Lunch is alone, in the quiet of the library with a new magazine to browse in front of me, the pickle, sandwich and apple don't take long and I am up and breaking down the mail, newspapers, magazines, and opening incoming ILLs, ours returning or those requested. I go online the log in the reception, print a sheet for the item and give them to the ILL clerk. The crew starts to trickle back in after their lunch, which was not much better than mine but in the company of their peers, under the watch of the Corrections Officers. The book return box is emptied again and the library prepares for the influx of patrons.
I register new patrons, the Chain came in yesterday and the new guys start showing up, I look for information, find books that are asked for and show my clerks how to find Labor Unions in the Yellow pages. The library is humming, actually it is closer to a low roar, but it is a mellow roar not an angry one. Different groups at different tables, the Corrections Officer that monitored the movement into the library cut it off at forty, and sent about twenty inmates away. We weren't open last Friday and these units are a couple of hours behind in library usage. Music across the hallway doesn't seem open today, as the services are cut or closed because of staffing problems or weather the library becomes much bigger an event in the inmates choices for time well spent.

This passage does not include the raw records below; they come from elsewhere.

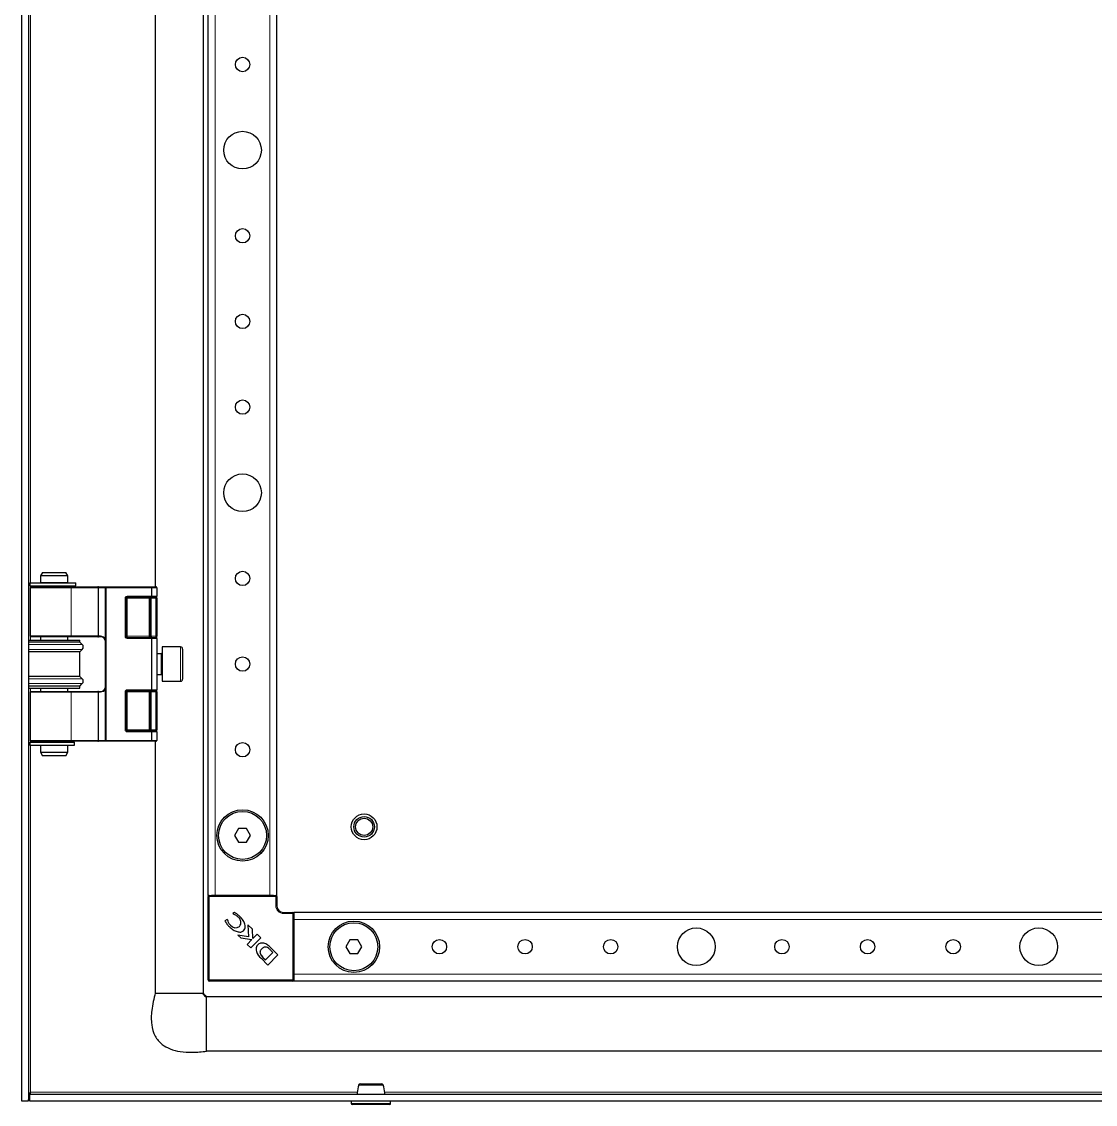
# Model space of a CAD drawing. Header units: millimetres. Extents: x -1284 to 3090, y -1538 to 1219.
# Drawn here: x -919.4 to -605.9, y -999.7 to -683.7 of the extents above; entities that cross this region are included whole.
import ezdxf

# ---------------------------------------------------------------- set-up
doc = ezdxf.new("R2010")
doc.units = ezdxf.units.MM

msp = doc.modelspace()

# ---------------------------------------------------------------- linework, layer by layer
at = {"color": 7, "linetype": 'Continuous', "lineweight": 25}
for p, q in [((-919.44, 556.28), (-919.44, -998.72)), ((-917.44, 556.28), (-917.44, -998.72)), ((-866.44, 524.78), (-866.44, -967.22)), ((-864.94, -938.72), (-864.94, 496.28)), ((-844.94, -938.72), (-844.94, 496.28)), ((-880.44, -518.72), (-880.44, -848.72)), ((-913.36, -844.47), (-913.94, -845.47)), ((-913.94, -845.47), (-913.94, -847.47)), ((-910.47, -845.47), (-913.94, -845.47)), ((-913.36, -844.47), (-910.39, -844.47)), ((-905.94, -845.47), (-910.47, -845.47)), ((-910.39, -844.47), (-906.52, -844.47)), ((-905.94, -845.47), (-906.52, -844.47)), ((-905.94, -847.47), (-905.94, -845.47)), ((-917.09, -847.52), (-917.09, -848.42)), ((-917.09, -847.52), (-903.62, -847.52)), ((-917.09, -848.42), (-903.62, -848.42)), ((-916.94, -848.92), (-916.94, -863.02)), ((-916.74, -848.72), (-905.13, -848.72)), ((-905.94, -847.47), (-913.94, -847.47)), ((-913.94, -848.47), (-913.94, -848.72)), ((-905.94, -848.47), (-913.94, -848.47)), ((-913.44, -847.47), (-913.44, -847.52)), ((-913.44, -848.42), (-913.44, -848.47)), ((-906.44, -847.52), (-906.44, -847.47)), ((-906.44, -848.47), (-906.44, -848.42)), ((-905.94, -848.72), (-905.94, -848.47)), ((-905.13, -848.72), (-897.24, -848.72)), ((-903.62, -847.52), (-903.57, -847.52)), ((-903.62, -848.42), (-903.57, -848.42)), ((-903.57, -848.42), (-903.57, -847.52)), ((-896.96, -848.72), (-897.24, -848.72)), ((-896.96, -848.72), (-894.74, -848.72)), ((-894.94, -893.52), (-894.94, -848.92)), ((-894.74, -848.72), (-881.52, -848.72)), ((-881.52, -848.72), (-880.14, -848.72)), ((-881.44, -851.42), (-881.44, -848.92)), ((-879.94, -848.92), (-879.94, -851.42)), ((-888.94, -852.02), (-888.94, -863.12)), ((-881.56, -851.72), (-888.64, -851.72)), ((-881.94, -852.02), (-881.94, -863.12)), ((-880.24, -851.72), (-881.56, -851.72)), ((-879.94, -852.02), (-879.94, -851.42)), ((-879.94, -852.02), (-879.94, -863.12)), ((-917.44, -864.22), (-902.44, -864.22)), ((-902.44, -864.82), (-917.44, -864.82)), ((-905.13, -863.22), (-916.74, -863.22)), ((-913.94, -863.22), (-913.94, -864.22)), ((-905.94, -864.22), (-905.94, -863.22)), ((-897.24, -863.22), (-905.13, -863.22)), ((-902.44, -864.82), (-902.44, -864.22)), ((-901.74, -865.5), (-902.44, -864.82)), ((-897.24, -863.22), (-896.96, -863.22)), ((-896.44, -863.22), (-896.96, -863.22)), ((-888.64, -863.42), (-881.56, -863.42)), ((-881.56, -863.42), (-880.24, -863.42)), ((-881.44, -878.72), (-881.44, -863.72)), ((-879.94, -863.72), (-879.94, -863.12)), ((-879.94, -863.72), (-879.94, -878.72)), ((-902.44, -867.62), (-917.44, -867.62)), ((-902.44, -867.62), (-901.74, -866.93)), ((-902.44, -874.82), (-902.44, -867.62)), ((-878.69, -868.22), (-879.94, -868.22)), ((-873.04, -866.22), (-878.44, -866.22)), ((-878.44, -866.22), (-878.44, -871.22)), ((-872.44, -866.82), (-872.44, -871.22)), ((-878.44, -871.22), (-878.44, -876.22)), ((-872.44, -871.22), (-872.44, -875.62)), ((-902.44, -874.82), (-917.44, -874.82)), ((-901.74, -875.5), (-902.44, -874.82)), ((-879.94, -874.22), (-878.69, -874.22)), ((-902.44, -877.62), (-917.44, -877.62)), ((-917.44, -878.22), (-902.44, -878.22)), ((-913.94, -878.22), (-913.94, -879.22)), ((-905.94, -879.22), (-905.94, -878.22)), ((-902.44, -877.62), (-901.74, -876.93)), ((-902.44, -878.22), (-902.44, -877.62)), ((-878.44, -876.22), (-873.04, -876.22)), ((-916.94, -879.42), (-916.94, -893.52)), ((-916.74, -879.22), (-905.13, -879.22)), ((-905.13, -879.22), (-897.24, -879.22)), ((-896.96, -879.22), (-897.24, -879.22)), ((-896.96, -879.22), (-896.44, -879.22)), ((-888.94, -879.32), (-888.94, -890.42)), ((-881.56, -879.02), (-888.64, -879.02)), ((-881.94, -879.32), (-881.94, -890.42)), ((-880.24, -879.02), (-881.56, -879.02)), ((-879.94, -879.32), (-879.94, -878.72)), ((-879.94, -879.32), (-879.94, -890.42)), ((-888.64, -890.72), (-881.56, -890.72)), ((-881.56, -890.72), (-880.24, -890.72)), ((-881.44, -893.52), (-881.44, -891.02)), ((-879.94, -891.02), (-879.94, -890.42)), ((-879.94, -891.02), (-879.94, -893.52)), ((-917.09, -894.02), (-917.09, -894.92)), ((-917.09, -894.02), (-904.1, -894.02)), ((-905.13, -893.72), (-916.74, -893.72)), ((-913.94, -893.72), (-913.94, -893.97)), ((-905.94, -893.97), (-913.94, -893.97)), ((-913.44, -893.97), (-913.44, -894.02)), ((-906.44, -894.02), (-906.44, -893.97)), ((-905.94, -893.97), (-905.94, -893.72)), ((-897.24, -893.72), (-905.13, -893.72)), ((-904.1, -894.02), (-904.02, -894.02)), ((-904.02, -894.92), (-904.02, -894.02)), ((-904.02, -894.02), (-904, -894.02)), ((-904, -894.92), (-904, -894.02)), ((-897.24, -893.72), (-896.96, -893.72)), ((-894.74, -893.72), (-896.96, -893.72)), ((-881.52, -893.72), (-894.74, -893.72)), ((-880.14, -893.72), (-881.52, -893.72)), ((-880.44, -893.72), (-880.44, -967.22)), ((-917.09, -894.92), (-904.1, -894.92)), ((-913.94, -894.97), (-913.94, -896.97)), ((-905.94, -894.97), (-913.94, -894.97)), ((-913.94, -896.97), (-913.36, -897.97)), ((-913.94, -896.97), (-905.94, -896.97)), ((-913.44, -894.92), (-913.44, -894.97)), ((-906.52, -897.97), (-905.94, -896.97)), ((-906.44, -894.97), (-906.44, -894.92)), ((-905.94, -896.97), (-905.94, -894.97)), ((-904.1, -894.92), (-904.02, -894.92)), ((-904.02, -894.92), (-904, -894.92)), ((-906.52, -897.97), (-913.36, -897.97)), ((-856.09, -919.22), (-857.25, -921.22)), ((-853.78, -919.22), (-856.09, -919.22)), ((-852.63, -921.22), (-853.78, -919.22)), ((-857.25, -921.22), (-856.09, -923.22)), ((-853.78, -923.22), (-852.63, -921.22)), ((-856.09, -923.22), (-853.78, -923.22)), ((-864.64, -938.72), (-864.94, -938.72)), ((-864.94, -963.42), (-864.94, -939.02)), ((-864.64, -938.72), (-863.99, -938.72)), ((-862.94, -938.72), (-863.99, -938.72)), ((-846.94, -938.72), (-862.94, -938.72)), ((-845.89, -938.72), (-846.94, -938.72)), ((-845.89, -938.72), (-845.24, -938.72)), ((-844.94, -938.72), (-845.24, -938.72)), ((-844.94, -939.02), (-844.94, -941.72)), ((-857.31, -943.72), (-857.82, -943.97)), ((-857.82, -943.97), (-857.71, -944.08)), ((-842.94, -943.72), (-840.24, -943.72)), ((-459.94, -943.72), (-839.94, -943.72)), ((-839.94, -943.72), (-839.94, -944.02)), ((-839.94, -944.02), (-839.94, -944.66)), ((-839.94, -944.66), (-839.94, -945.72)), ((-859.39, -945.78), (-860.08, -946.11)), ((-859.26, -945.92), (-859.39, -945.78)), ((-853.35, -947.35), (-853.17, -950.82)), ((-852.07, -948.63), (-853.35, -947.35)), ((-839.94, -945.72), (-839.94, -961.72)), ((-856.27, -950.35), (-855.47, -951.14)), ((-853.17, -950.82), (-856.27, -950.35)), ((-855.47, -951.14), (-852.21, -951.63)), ((-852.55, -954.07), (-849.59, -951.11)), ((-851.89, -951.29), (-852.07, -948.63)), ((-850.65, -950.05), (-851.89, -951.29)), ((-849.59, -951.11), (-850.65, -950.05)), ((-852.21, -951.63), (-853.6, -953.02)), ((-853.6, -953.02), (-852.55, -954.07)), ((-846.48, -954.22), (-846.49, -954.2)), ((-844.59, -956.11), (-846.48, -954.22)), ((-823.59, -951.72), (-824.75, -953.72)), ((-824.75, -953.72), (-823.59, -955.72)), ((-821.28, -951.72), (-823.59, -951.72)), ((-820.13, -953.72), (-821.28, -951.72)), ((-821.28, -955.72), (-820.13, -953.72)), ((-849.54, -957.08), (-847.55, -959.07)), ((-848.99, -956.83), (-848.25, -957.55)), ((-848.25, -957.55), (-846.07, -955.37)), ((-847.55, -959.07), (-844.59, -956.11)), ((-846.07, -955.37), (-846.75, -954.71)), ((-823.59, -955.72), (-821.28, -955.72)), ((-840.24, -963.72), (-864.64, -963.72)), ((-839.94, -961.72), (-839.94, -962.77)), ((-839.94, -962.77), (-839.94, -963.42)), ((-839.94, -963.42), (-839.94, -963.72)), ((-459.94, -963.72), (-839.94, -963.72)), ((-865.44, -968.22), (-459.34, -968.22)), ((-332.44, -984.22), (-865.44, -984.22)), ((-917.14, -996.72), (-326.74, -996.72)), ((-917.14, -996.72), (-917.14, -998.72)), ((-917.04, -996.72), (-916.84, -996.12)), ((-919.44, -998.72), (-917.44, -998.72)), ((-917.14, -998.72), (-326.74, -998.72)), ((-823.19, -998.72), (-823.19, -999.47)), ((-820.45, -999.72), (-822.94, -999.72)), ((-811.94, -999.72), (-820.45, -999.72)), ((-811.69, -999.47), (-811.69, -998.72))]:
    msp.add_line(p, q, dxfattribs=at)
at = {"color": 8, "linetype": 'Continuous', "lineweight": 18}
for p, q in [((-862.94, -938.72), (-862.94, 496.28)), ((-846.94, -938.72), (-846.94, 496.28)), ((-916.84, -847.52), (-916.84, -519.92)), ((-904.99, -848.92), (-916.94, -848.92)), ((-916.84, -848.74), (-916.84, -848.42)), ((-904.99, -848.92), (-904.99, -863.02)), ((-897.1, -848.92), (-904.99, -848.92)), ((-903.62, -847.52), (-903.62, -848.42)), ((-897.1, -863.02), (-897.1, -848.92)), ((-896.96, -848.92), (-897.1, -848.92)), ((-896.96, -848.92), (-896.96, -848.72)), ((-896.96, -848.92), (-896.96, -863.02)), ((-894.94, -848.92), (-896.96, -848.92)), ((-894.94, -848.92), (-894.74, -848.92)), ((-894.74, -848.72), (-894.74, -848.92)), ((-881.44, -848.92), (-894.74, -848.92)), ((-894.74, -848.92), (-894.74, -893.52)), ((-879.94, -848.92), (-881.44, -848.92)), ((-889.24, -863.12), (-889.24, -852.02)), ((-889.24, -852.02), (-888.94, -852.02)), ((-888.94, -852.02), (-888.64, -852.02)), ((-888.64, -851.42), (-881.44, -851.42)), ((-888.64, -851.42), (-888.64, -851.72)), ((-888.64, -851.72), (-888.64, -852.02)), ((-882.24, -852.02), (-888.64, -852.02)), ((-888.64, -852.02), (-888.64, -863.12)), ((-882.24, -851.72), (-882.24, -852.02)), ((-882.24, -852.02), (-881.94, -852.02)), ((-882.24, -863.12), (-882.24, -852.02)), ((-881.94, -852.02), (-881.64, -852.02)), ((-881.64, -851.72), (-881.64, -852.02)), ((-880.24, -852.02), (-881.64, -852.02)), ((-881.64, -852.02), (-881.64, -863.12)), ((-881.44, -851.42), (-879.94, -851.42)), ((-880.24, -851.72), (-880.24, -852.02)), ((-879.94, -852.02), (-880.24, -852.02)), ((-880.24, -863.12), (-880.24, -852.02)), ((-901.74, -865.5), (-917.44, -865.5)), ((-916.94, -863.02), (-904.99, -863.02)), ((-916.84, -864.22), (-916.84, -863.19)), ((-904.99, -863.02), (-897.1, -863.02)), ((-896.96, -863.02), (-897.1, -863.02)), ((-896.96, -863.22), (-896.96, -863.02)), ((-896.96, -863.02), (-896.44, -863.02)), ((-896.44, -863.22), (-896.44, -863.02)), ((-888.94, -863.12), (-889.24, -863.12)), ((-888.64, -863.12), (-888.94, -863.12)), ((-888.64, -863.12), (-882.24, -863.12)), ((-888.64, -863.12), (-888.64, -863.42)), ((-888.64, -863.42), (-888.64, -863.72)), ((-881.44, -863.72), (-888.64, -863.72)), ((-882.24, -863.12), (-882.24, -863.42)), ((-881.94, -863.12), (-882.24, -863.12)), ((-881.64, -863.12), (-881.94, -863.12)), ((-881.64, -863.12), (-880.24, -863.12)), ((-881.64, -863.12), (-881.64, -863.42)), ((-879.94, -863.72), (-881.44, -863.72)), ((-880.24, -863.12), (-880.24, -863.42)), ((-880.24, -863.12), (-879.94, -863.12)), ((-901.74, -866.93), (-917.44, -866.93)), ((-878.69, -874.22), (-878.69, -868.22)), ((-873.04, -871.22), (-873.04, -866.22)), ((-873.04, -876.22), (-873.04, -871.22)), ((-901.74, -875.5), (-917.44, -875.5)), ((-901.74, -876.93), (-917.44, -876.93)), ((-916.84, -879.24), (-916.84, -878.22)), ((-904.99, -879.42), (-916.94, -879.42)), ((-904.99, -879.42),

We are open for three periods this afternoon, from 12:40 to 3:45 and the time flies, I am not finished when Recall is sounded and everyone moves out. The crew tells me to have a great weekend and they will see me on Monday, as long as I don't win the Lotto and take off to Hawaii they will. I turn all the computers off, put the radio and certain keys away, I finish typing the missing books on my response to the November report and email it to headquarters and log off the computer. Burned up another day, no boredom and feeling like I have actually helped find the right information for several of the inquiring minds. I turn off the lights, look around and notice the pile of procrastination has expanded, but the Program Manager told me years ago that I would never be able to complete it all and leaving it for the next work day was okay. Ah, but that wasn't how my Fridays are supposed to finish. I lock the doors taking the last distribution out to drop off and head outside the gate to walk down to the waiting ferry boat, not racing this time. I won't think about the library again until Monday morning. The weather is gray but dry and fine, the weatherman lied, I could have ridden my motorcycle and smiled broadly coming and going between work and home, breaking out in laughter periodically when it is perfect. Well, I know dinner awaits and a full list of honey-do needing done, what is a weekend for? All of the above.